(Beginning of Records for processing)
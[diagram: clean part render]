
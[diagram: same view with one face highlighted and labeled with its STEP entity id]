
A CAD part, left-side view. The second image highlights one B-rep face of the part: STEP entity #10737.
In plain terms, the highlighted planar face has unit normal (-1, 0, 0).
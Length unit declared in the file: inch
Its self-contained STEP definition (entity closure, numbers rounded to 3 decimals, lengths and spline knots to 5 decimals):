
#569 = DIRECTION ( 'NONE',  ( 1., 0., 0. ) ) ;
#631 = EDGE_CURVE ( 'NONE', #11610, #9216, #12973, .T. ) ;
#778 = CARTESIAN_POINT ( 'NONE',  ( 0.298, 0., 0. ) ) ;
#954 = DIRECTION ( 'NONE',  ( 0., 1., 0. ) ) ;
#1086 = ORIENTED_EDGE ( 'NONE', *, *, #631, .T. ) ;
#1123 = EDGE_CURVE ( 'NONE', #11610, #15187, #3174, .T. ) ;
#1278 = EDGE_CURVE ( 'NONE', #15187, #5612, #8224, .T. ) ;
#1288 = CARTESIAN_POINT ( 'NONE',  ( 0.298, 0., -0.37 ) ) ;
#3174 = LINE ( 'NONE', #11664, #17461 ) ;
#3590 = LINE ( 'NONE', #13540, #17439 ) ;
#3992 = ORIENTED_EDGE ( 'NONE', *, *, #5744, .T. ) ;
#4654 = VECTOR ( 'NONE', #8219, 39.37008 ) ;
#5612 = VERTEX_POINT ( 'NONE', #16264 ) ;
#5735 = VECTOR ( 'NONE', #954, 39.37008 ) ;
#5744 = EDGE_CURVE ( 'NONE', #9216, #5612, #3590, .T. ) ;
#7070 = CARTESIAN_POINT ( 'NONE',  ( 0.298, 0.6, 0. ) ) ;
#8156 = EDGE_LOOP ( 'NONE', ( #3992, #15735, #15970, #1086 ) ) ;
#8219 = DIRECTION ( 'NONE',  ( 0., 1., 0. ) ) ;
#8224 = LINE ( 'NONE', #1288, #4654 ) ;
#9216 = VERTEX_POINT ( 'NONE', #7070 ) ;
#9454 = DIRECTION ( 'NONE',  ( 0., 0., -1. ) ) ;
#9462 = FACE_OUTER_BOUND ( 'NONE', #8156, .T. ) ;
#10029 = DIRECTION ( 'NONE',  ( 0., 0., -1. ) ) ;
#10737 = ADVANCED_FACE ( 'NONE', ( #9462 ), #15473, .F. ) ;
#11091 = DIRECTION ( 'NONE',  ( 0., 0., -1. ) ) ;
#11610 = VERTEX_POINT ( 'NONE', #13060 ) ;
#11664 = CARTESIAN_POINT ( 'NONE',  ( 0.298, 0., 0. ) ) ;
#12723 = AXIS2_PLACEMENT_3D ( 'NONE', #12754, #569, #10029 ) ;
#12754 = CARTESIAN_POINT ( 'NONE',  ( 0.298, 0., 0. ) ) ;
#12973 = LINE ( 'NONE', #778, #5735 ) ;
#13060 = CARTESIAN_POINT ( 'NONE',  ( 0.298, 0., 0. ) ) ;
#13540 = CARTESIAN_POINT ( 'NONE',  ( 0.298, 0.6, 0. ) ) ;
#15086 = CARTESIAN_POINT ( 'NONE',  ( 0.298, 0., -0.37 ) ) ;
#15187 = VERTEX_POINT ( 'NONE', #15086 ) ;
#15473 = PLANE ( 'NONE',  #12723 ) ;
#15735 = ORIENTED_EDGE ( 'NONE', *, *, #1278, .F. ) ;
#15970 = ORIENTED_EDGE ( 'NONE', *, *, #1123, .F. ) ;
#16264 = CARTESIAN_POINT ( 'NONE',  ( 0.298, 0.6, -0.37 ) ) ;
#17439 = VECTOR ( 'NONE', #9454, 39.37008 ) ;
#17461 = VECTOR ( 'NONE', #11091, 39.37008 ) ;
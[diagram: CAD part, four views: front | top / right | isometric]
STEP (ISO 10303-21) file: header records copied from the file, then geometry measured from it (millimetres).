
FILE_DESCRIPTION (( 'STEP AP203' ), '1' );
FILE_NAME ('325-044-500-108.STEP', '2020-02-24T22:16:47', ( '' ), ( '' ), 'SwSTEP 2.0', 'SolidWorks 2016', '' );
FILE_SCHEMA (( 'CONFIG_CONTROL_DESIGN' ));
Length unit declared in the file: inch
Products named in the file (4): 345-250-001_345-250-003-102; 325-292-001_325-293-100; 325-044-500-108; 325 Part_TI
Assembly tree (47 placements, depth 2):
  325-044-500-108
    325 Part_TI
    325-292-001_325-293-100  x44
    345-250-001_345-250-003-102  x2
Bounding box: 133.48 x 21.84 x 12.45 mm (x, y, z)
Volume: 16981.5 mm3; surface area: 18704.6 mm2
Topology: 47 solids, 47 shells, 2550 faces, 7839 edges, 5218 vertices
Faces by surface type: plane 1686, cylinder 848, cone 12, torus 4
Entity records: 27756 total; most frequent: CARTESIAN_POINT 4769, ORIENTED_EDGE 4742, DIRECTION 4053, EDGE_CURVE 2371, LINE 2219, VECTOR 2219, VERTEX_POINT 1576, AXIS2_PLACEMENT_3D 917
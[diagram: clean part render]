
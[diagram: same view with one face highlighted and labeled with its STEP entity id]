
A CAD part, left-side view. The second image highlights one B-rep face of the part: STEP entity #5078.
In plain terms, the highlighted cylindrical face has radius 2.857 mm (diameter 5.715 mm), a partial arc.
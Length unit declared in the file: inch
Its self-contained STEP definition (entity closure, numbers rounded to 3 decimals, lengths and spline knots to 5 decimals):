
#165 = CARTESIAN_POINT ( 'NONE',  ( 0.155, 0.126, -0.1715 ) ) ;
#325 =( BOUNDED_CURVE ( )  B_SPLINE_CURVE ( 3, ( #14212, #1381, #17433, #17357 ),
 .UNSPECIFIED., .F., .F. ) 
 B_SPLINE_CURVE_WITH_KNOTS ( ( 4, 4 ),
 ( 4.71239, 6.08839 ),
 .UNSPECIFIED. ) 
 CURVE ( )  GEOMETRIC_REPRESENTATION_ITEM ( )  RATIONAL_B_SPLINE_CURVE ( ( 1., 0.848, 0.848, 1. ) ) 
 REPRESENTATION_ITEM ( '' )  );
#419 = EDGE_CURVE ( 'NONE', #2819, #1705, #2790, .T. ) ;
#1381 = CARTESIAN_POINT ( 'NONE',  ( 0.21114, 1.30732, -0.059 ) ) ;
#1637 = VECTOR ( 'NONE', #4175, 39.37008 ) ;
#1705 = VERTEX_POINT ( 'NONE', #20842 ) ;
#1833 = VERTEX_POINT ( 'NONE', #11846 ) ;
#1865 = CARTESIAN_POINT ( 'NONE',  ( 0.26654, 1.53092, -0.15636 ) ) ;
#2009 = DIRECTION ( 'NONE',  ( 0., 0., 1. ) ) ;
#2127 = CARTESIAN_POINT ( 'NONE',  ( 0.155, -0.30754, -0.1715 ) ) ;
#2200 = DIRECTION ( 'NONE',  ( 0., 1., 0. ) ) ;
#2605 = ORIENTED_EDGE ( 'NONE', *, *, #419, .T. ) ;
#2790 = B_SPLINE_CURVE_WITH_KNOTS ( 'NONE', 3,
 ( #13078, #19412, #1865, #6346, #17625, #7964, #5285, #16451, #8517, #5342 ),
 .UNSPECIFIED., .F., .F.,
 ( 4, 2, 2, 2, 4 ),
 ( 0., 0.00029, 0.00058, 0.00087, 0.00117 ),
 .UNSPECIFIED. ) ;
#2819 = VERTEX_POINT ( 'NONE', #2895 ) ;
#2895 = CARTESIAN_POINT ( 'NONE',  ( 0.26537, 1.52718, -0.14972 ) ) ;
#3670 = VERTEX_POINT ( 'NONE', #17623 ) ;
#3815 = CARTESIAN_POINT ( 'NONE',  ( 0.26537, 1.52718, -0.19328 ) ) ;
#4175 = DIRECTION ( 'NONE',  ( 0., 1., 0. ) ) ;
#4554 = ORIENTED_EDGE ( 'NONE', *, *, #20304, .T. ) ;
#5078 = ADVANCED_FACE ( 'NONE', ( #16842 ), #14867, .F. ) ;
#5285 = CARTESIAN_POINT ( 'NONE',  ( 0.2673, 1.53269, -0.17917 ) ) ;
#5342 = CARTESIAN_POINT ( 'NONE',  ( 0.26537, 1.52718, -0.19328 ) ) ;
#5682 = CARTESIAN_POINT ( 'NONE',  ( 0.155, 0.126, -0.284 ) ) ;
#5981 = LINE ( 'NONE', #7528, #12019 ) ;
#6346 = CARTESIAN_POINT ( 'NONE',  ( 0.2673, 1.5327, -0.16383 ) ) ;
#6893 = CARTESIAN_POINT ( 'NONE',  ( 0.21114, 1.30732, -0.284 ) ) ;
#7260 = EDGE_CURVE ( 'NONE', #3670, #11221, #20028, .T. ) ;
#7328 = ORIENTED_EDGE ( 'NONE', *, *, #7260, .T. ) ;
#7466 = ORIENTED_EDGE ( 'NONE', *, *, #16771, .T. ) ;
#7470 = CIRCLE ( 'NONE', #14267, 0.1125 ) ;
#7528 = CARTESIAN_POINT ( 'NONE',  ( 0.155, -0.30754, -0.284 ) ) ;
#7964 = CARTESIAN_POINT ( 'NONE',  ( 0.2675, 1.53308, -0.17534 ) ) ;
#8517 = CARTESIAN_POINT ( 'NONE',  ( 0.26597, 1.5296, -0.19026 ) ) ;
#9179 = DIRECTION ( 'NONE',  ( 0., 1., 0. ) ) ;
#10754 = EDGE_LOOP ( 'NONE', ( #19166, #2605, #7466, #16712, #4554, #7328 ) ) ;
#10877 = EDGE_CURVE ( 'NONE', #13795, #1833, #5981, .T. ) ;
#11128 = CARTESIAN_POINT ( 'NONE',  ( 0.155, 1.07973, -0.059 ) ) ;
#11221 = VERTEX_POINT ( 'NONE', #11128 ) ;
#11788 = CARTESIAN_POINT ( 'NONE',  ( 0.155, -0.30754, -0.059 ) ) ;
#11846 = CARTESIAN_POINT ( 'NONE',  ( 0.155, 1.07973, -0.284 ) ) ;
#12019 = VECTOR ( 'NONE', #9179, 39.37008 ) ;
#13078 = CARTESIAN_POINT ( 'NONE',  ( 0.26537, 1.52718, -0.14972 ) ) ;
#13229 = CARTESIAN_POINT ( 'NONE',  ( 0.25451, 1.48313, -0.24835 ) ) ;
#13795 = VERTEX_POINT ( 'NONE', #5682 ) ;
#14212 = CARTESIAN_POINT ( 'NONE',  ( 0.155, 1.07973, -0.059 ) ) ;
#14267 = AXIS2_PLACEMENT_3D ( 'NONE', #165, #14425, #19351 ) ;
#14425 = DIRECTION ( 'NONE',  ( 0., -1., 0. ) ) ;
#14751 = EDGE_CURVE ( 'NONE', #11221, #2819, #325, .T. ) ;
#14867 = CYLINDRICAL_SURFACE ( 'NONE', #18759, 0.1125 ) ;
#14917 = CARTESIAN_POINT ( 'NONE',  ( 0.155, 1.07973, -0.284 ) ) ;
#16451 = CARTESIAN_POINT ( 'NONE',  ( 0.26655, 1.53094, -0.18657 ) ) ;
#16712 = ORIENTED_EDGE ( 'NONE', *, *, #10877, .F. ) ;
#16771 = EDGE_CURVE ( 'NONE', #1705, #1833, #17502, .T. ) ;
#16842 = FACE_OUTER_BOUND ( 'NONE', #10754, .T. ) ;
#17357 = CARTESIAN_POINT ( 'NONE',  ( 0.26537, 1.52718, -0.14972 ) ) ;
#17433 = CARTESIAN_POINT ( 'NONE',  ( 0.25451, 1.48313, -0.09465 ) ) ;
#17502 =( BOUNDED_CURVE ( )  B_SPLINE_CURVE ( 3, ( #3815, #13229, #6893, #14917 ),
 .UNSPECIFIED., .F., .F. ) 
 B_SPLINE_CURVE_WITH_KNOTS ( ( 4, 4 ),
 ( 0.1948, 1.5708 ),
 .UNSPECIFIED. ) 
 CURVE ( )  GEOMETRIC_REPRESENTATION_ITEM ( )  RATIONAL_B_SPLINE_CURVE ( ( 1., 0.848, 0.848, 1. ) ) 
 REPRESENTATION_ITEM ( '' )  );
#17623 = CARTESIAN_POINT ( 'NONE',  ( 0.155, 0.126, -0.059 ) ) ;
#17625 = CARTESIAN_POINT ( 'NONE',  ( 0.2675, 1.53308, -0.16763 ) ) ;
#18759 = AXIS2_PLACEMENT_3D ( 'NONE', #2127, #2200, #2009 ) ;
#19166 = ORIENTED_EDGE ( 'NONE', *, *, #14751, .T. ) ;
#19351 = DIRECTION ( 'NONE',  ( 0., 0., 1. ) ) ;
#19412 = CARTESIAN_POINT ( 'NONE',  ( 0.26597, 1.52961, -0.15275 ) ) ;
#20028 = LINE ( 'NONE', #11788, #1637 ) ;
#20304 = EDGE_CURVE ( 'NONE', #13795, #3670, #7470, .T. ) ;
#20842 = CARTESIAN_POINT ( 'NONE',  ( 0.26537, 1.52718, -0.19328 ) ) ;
(End of Records for processing)
# What to do:
Retype only the stretch of lines above starting at the one with "#17502 =( BOUNDED_CURVE" and stopping at the one with "#17623 = CARTESIAN_POINT", exactly as written, with both kept.

# Response:
#17502 =( BOUNDED_CURVE ( )  B_SPLINE_CURVE ( 3, ( #3815, #13229, #6893, #14917 ),
 .UNSPECIFIED., .F., .F. ) 
 B_SPLINE_CURVE_WITH_KNOTS ( ( 4, 4 ),
 ( 0.1948, 1.5708 ),
 .UNSPECIFIED. ) 
 CURVE ( )  GEOMETRIC_REPRESENTATION_ITEM ( )  RATIONAL_B_SPLINE_CURVE ( ( 1., 0.848, 0.848, 1. ) ) 
 REPRESENTATION_ITEM ( '' )  );
#17623 = CARTESIAN_POINT ( 'NONE',  ( 0.155, 0.126, -0.059 ) ) ;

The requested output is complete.